Now, consider 3 validation requests that have to be validated against given transaction ranges. Validations 0 and 1 check transactions 1-2, while validation 2 checks all transactions 1-3.

    validation 0 1 2 [0 c0=4] [1 c1>8]
    validation 1 1 2 [1 c2=1]
    validation 2 1 3 [0 c0=3 c1=2] [0 c2=4]

The predicate in validation 1 could be written as (exists t in r1 | t.c2=1), which checks whether there is a tuple t in relation 1 for which the column value t.c2 equals 1. Similarly, the predicte in validation 2 could be written as (exists t in r0 | t.c0=3 and t.c1=2) or (exists t in r0 | t.c2=4).

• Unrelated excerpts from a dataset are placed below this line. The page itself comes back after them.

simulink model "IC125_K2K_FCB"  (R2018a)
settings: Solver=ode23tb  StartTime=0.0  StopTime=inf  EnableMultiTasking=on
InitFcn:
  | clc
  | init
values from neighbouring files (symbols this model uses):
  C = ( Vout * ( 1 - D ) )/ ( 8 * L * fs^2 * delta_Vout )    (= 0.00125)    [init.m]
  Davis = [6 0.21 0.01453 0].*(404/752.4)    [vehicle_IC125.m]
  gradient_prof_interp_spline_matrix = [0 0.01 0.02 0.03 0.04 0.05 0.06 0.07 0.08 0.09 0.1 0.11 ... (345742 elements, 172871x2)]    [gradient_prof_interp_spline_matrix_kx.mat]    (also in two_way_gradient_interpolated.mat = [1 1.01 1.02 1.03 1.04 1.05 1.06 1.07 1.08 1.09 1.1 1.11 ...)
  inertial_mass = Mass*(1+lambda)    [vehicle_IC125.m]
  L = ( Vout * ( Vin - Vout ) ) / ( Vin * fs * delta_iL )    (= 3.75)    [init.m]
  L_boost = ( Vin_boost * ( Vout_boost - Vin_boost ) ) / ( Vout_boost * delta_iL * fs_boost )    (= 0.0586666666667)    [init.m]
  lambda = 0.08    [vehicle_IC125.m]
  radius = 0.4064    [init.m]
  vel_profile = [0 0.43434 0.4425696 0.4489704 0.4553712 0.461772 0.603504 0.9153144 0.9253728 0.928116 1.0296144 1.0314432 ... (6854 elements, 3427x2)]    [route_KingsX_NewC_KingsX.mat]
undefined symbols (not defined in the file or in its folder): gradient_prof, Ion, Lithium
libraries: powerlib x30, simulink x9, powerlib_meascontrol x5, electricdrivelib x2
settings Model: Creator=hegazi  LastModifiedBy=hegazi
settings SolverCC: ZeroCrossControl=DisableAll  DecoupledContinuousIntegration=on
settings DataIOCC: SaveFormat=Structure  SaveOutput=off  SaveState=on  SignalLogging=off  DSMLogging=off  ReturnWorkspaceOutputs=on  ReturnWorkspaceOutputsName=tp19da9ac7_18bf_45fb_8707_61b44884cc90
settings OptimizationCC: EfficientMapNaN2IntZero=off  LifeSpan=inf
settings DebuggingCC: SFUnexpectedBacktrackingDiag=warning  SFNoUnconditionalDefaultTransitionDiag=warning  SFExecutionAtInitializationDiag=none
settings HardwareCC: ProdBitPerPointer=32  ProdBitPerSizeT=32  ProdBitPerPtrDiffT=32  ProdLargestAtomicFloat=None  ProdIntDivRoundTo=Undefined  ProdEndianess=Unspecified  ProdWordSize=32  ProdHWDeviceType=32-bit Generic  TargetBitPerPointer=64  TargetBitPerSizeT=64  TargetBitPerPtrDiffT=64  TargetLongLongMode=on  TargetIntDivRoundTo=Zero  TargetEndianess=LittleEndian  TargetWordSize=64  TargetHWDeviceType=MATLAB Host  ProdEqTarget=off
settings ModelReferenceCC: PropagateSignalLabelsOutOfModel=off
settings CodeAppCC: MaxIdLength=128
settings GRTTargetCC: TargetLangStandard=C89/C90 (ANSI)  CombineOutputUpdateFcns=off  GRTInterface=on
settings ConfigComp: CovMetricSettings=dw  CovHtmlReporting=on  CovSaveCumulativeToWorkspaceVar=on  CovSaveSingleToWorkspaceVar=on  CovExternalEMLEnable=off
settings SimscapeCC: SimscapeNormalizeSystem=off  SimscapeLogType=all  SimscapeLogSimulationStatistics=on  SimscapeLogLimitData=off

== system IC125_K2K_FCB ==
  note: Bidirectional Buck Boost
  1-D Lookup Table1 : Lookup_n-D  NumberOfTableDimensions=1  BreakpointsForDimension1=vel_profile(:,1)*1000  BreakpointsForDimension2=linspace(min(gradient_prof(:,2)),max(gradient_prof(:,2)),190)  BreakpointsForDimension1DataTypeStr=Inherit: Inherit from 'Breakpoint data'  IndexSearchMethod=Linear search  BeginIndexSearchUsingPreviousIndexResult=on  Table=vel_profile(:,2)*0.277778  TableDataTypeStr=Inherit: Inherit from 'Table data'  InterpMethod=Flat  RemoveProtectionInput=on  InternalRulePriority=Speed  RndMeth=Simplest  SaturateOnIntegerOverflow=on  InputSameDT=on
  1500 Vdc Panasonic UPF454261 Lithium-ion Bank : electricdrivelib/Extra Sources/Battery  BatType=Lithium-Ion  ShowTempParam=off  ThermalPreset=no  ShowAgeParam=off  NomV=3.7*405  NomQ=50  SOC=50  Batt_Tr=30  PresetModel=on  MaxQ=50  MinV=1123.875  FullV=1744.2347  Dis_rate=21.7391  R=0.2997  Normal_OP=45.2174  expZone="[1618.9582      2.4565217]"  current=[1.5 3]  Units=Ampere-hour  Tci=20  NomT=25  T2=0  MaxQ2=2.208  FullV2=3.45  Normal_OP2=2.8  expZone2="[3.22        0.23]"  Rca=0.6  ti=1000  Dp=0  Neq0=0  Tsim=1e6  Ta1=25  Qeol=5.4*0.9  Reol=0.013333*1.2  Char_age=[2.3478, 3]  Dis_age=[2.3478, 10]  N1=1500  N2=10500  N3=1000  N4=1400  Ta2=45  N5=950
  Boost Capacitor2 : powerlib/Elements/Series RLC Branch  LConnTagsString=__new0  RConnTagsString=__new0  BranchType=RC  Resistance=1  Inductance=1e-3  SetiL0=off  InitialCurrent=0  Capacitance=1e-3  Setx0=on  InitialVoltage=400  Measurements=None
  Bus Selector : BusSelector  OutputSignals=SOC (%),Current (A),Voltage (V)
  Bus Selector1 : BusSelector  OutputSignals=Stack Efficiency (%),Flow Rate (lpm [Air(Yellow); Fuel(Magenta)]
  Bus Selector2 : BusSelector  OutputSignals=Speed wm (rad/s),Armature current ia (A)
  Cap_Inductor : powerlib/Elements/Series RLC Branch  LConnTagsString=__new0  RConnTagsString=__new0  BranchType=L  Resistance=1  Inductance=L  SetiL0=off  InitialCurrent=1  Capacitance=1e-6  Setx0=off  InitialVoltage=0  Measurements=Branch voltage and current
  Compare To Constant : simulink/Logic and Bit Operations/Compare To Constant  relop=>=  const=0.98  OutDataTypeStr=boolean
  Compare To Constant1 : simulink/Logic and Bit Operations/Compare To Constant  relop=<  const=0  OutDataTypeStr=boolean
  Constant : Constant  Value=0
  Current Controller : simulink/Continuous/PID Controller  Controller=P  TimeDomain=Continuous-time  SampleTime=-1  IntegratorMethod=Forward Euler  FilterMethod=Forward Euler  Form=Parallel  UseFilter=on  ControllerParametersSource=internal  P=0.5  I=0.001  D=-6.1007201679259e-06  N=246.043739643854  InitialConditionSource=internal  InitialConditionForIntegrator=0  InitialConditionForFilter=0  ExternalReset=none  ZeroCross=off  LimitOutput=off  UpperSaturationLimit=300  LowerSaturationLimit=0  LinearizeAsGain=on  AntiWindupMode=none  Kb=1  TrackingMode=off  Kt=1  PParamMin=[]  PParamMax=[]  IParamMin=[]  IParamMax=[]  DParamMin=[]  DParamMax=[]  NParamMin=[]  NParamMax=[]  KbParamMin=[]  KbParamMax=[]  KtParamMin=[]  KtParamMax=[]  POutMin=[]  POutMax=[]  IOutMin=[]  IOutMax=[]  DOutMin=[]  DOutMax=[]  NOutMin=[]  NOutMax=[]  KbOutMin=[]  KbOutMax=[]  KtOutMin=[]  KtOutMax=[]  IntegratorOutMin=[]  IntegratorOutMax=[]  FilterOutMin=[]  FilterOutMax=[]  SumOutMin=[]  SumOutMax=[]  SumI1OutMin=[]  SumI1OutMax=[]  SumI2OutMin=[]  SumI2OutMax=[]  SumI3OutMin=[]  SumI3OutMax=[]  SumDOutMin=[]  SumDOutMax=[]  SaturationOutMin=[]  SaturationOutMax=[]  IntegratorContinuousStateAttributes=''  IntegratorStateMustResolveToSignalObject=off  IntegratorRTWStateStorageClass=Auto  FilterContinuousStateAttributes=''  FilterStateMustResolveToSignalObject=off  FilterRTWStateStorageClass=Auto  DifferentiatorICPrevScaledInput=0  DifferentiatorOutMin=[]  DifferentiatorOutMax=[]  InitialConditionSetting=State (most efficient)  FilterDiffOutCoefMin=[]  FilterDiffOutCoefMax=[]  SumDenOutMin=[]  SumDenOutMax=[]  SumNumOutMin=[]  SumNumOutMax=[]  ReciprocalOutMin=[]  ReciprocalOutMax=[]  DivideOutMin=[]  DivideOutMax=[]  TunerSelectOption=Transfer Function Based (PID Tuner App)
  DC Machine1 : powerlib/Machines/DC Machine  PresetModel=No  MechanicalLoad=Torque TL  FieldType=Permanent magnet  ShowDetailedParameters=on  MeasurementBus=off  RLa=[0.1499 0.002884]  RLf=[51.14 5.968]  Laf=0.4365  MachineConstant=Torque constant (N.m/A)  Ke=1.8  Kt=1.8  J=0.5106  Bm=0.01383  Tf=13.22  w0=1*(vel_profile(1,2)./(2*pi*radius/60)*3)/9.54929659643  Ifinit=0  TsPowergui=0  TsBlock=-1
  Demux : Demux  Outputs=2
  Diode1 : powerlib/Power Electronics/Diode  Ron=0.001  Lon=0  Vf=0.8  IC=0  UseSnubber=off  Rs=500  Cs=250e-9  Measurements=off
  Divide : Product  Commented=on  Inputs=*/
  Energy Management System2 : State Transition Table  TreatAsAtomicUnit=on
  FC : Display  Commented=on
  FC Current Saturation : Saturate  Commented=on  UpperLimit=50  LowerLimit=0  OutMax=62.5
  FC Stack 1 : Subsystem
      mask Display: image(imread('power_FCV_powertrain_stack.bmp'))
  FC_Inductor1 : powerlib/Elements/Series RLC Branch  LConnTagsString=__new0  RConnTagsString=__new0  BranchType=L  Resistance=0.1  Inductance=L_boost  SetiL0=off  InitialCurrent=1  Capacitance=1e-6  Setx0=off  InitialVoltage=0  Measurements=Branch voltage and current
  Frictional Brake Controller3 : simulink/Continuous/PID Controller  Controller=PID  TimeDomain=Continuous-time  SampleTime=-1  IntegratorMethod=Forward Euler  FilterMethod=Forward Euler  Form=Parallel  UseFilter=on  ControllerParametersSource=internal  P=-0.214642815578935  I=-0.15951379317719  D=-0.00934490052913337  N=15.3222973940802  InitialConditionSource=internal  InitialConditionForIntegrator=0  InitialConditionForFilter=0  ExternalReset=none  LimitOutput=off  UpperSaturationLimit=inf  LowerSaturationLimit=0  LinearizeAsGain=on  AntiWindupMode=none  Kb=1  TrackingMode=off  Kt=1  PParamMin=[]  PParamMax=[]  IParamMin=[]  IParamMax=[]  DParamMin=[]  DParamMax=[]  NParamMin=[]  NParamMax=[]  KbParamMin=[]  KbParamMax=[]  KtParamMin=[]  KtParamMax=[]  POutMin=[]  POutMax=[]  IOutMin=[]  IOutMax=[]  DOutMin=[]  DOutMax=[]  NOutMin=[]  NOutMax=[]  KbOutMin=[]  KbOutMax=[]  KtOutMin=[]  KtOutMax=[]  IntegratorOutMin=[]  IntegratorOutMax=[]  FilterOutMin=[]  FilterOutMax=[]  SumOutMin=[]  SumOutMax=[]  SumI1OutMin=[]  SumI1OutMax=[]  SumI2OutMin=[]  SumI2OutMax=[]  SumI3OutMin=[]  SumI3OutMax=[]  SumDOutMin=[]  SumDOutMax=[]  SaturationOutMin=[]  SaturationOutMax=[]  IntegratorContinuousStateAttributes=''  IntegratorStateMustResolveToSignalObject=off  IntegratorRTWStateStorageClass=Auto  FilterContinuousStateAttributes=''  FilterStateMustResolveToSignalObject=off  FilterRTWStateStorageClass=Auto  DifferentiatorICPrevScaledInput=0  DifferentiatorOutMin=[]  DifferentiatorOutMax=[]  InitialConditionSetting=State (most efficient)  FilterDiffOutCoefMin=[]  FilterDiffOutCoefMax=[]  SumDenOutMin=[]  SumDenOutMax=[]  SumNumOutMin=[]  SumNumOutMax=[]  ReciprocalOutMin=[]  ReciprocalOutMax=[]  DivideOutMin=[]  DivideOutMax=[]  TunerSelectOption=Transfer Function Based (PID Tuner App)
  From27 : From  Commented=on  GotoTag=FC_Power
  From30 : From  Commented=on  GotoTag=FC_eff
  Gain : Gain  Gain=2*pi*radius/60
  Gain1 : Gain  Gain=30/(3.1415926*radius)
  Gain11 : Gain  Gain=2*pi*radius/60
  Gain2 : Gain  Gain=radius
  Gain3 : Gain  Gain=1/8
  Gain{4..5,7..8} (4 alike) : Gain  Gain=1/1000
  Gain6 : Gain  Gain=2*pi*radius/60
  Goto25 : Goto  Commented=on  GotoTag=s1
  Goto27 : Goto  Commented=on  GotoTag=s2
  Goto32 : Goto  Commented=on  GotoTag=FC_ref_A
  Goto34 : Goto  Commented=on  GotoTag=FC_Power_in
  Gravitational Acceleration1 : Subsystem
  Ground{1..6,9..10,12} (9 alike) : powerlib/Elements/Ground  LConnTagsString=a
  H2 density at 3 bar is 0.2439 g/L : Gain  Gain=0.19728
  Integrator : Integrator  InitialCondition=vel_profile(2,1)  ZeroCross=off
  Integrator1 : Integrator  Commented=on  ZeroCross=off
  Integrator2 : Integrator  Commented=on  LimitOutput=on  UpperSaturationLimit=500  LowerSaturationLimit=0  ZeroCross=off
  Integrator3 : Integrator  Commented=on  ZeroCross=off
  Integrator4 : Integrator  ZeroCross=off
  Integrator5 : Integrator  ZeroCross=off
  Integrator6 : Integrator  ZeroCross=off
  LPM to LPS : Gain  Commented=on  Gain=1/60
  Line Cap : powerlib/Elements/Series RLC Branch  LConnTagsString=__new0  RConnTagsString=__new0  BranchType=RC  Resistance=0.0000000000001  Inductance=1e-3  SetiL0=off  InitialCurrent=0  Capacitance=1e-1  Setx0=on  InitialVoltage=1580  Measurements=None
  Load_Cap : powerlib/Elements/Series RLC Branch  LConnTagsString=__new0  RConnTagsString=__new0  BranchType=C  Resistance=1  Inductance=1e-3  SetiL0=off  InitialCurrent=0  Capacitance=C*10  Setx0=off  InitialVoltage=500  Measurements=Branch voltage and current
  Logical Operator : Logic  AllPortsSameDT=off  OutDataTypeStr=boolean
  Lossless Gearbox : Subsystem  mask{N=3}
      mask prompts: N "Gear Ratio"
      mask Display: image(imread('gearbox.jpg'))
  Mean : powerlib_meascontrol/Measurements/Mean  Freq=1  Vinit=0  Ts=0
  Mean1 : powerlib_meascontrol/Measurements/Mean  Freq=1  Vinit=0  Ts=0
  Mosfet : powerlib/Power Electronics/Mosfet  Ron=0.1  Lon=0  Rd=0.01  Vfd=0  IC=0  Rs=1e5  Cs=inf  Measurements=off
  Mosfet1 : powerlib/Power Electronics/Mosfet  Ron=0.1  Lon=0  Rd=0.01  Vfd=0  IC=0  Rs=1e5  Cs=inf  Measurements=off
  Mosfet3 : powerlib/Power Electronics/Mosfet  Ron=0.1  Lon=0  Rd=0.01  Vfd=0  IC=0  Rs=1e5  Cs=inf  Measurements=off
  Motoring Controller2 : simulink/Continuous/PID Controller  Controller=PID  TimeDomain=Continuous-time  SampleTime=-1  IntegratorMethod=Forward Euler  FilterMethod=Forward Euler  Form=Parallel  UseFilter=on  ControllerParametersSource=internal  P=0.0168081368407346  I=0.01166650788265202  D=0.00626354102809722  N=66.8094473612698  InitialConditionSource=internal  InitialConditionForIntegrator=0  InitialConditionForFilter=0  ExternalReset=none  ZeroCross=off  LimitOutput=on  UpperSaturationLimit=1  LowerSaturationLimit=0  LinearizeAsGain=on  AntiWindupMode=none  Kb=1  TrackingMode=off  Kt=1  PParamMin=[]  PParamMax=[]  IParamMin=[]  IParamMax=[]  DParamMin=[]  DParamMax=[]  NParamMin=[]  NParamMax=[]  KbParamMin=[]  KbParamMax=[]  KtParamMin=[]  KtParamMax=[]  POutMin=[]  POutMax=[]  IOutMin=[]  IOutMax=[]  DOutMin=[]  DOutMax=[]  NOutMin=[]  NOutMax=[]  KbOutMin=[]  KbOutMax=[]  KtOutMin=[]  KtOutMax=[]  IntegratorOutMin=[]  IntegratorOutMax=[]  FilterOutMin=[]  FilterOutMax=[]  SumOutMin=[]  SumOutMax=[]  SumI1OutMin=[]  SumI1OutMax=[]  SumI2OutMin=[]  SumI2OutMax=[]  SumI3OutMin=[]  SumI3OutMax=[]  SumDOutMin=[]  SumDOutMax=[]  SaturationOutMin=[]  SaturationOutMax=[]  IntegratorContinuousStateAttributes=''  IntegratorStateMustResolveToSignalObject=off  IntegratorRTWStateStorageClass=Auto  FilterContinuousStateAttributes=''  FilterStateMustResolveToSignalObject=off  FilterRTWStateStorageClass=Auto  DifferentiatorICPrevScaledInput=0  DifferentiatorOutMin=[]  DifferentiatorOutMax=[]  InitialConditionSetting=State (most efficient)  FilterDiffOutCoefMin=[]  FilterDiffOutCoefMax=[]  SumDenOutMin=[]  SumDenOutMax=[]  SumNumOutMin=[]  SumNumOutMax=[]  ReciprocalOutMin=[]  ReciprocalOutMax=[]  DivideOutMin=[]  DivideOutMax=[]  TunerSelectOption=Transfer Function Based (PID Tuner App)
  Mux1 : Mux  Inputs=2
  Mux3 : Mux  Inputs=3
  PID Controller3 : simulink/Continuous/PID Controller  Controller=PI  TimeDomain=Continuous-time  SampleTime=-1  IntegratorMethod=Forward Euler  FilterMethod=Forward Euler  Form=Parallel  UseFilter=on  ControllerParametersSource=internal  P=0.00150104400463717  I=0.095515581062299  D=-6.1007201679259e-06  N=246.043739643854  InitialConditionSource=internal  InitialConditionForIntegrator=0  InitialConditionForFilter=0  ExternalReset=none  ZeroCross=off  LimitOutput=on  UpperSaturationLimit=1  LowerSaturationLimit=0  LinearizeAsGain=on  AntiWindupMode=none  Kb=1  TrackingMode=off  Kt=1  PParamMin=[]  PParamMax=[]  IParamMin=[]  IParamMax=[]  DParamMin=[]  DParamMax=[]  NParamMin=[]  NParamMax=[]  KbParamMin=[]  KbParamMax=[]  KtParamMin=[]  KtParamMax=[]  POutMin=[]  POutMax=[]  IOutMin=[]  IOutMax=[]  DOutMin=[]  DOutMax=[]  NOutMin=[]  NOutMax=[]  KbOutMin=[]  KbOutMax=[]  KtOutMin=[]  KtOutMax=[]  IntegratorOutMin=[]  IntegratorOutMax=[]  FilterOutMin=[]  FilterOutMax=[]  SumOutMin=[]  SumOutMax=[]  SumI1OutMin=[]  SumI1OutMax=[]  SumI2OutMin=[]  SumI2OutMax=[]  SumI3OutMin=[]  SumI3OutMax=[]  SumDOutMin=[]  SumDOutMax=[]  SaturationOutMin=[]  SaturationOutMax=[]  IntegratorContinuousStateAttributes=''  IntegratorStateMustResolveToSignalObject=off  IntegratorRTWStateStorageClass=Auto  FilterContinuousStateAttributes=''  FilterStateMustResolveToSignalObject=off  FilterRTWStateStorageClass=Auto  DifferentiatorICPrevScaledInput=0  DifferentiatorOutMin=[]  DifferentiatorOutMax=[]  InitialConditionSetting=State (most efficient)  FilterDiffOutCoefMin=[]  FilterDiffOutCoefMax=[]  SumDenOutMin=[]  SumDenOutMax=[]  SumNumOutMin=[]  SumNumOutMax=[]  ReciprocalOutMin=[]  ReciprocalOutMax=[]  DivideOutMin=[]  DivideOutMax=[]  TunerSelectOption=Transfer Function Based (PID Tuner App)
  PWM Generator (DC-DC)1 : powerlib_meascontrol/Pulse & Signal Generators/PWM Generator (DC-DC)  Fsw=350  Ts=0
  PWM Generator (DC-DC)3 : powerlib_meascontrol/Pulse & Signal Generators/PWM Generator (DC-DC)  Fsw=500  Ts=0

Now, if we check whether these predicates are affected by the indicated transactions

The expected output of the program is therefore

0
1
1

Indicating the validation requests with conflicts (the second and third one).

Workload Specification

Each client has to process a number of requests, provided via standard input, and must provide answers via stdout. The protocol itself is a simple binary protocol, which is described in the reference implementation. Here, we discuss the semantics of the six message types.

Define Schema

Format

defineschema [<columnCounts>, …​]

This will always be the first message in each data set, and defines the number of relations and the number of columns within each relation. Both relation numbers and column numbers are zero based. Columns are always unsigned 64-bit integers. The first column of every relation is the primary key. Note that relations can differ greatly in size, and that value distributions can differ greatly between columns. An implementation can assume that there will not be more than 10,000 relations and not more than 1,000 columns per relation.

Transaction

Format

transaction <transactionId> [<deleteOperations>, …​] [<insertOperations>, …​]

A transaction consists of a number of delete operations followed by a number of insert operations. Transaction Ids are monotonic increasing, and transactions are executed in id order. Deletions modeled as

delete <relationId> [<keys>, ...]

identifying each tuple by its primary key (i.e., the first column). It can happen that a row is already deleted. Insertions are modeled as

insert <relationId> [<values>, ...]

giving the new tuples as streams of values. Inserts will not cause primary key violations (the same transaction might have deleted the tuple before, though).

Validation

Format

validation <validationId> <fromTransaction> <toTransaction> [<queries>, …​]

A validation request consists of a list of conjunctive queries (see below). The validation fails (i.e., the request is conflicting) if any of the conjunctive queries is satisfied by any tuple that is inserted or deleted by a transaction from the transaction range (both from and to are inclusive). Validation ids will be dense and monotonic increasing.

The conjunctive queries are given as

<relationId> [(<column> <operation> <constant>), ...]

where operation is in {=,!=,<,<=,>,>=}.

Note that the distribution of operations is non-uniform. Tests for equality are much more common than other operations, and some columns will be tested more frequent than others.

Flush

Format

flush <validationId>

All messages up to now did not produce client output, the client was free to re-arrange them and execute them as it seemed fit. The flush request triggers the output of all queries up to this point (including), in validationId order, forcing the client to produce the character '0' if the validation succeeded (i.e., there is no conflict), and a '1' if there was a conflict. As some programming languages buffer stdout and only flush after a newline, you might need to manually flush the output so that it is send to the driver.

Forget

Format

forget <transactionId>

At some point old transactions are no longer relevant for new incoming transactions. The forget request allows to free all memory up to the given transactionId (including). Future validation requests are guaranteed to not ask for transaction ranges that include "forgotten" transactions.

Done

Format

done

This message is always sent as last message of the data set to terminate the program. It is mainly useful for debugging to see if the input stream was parsed correctly.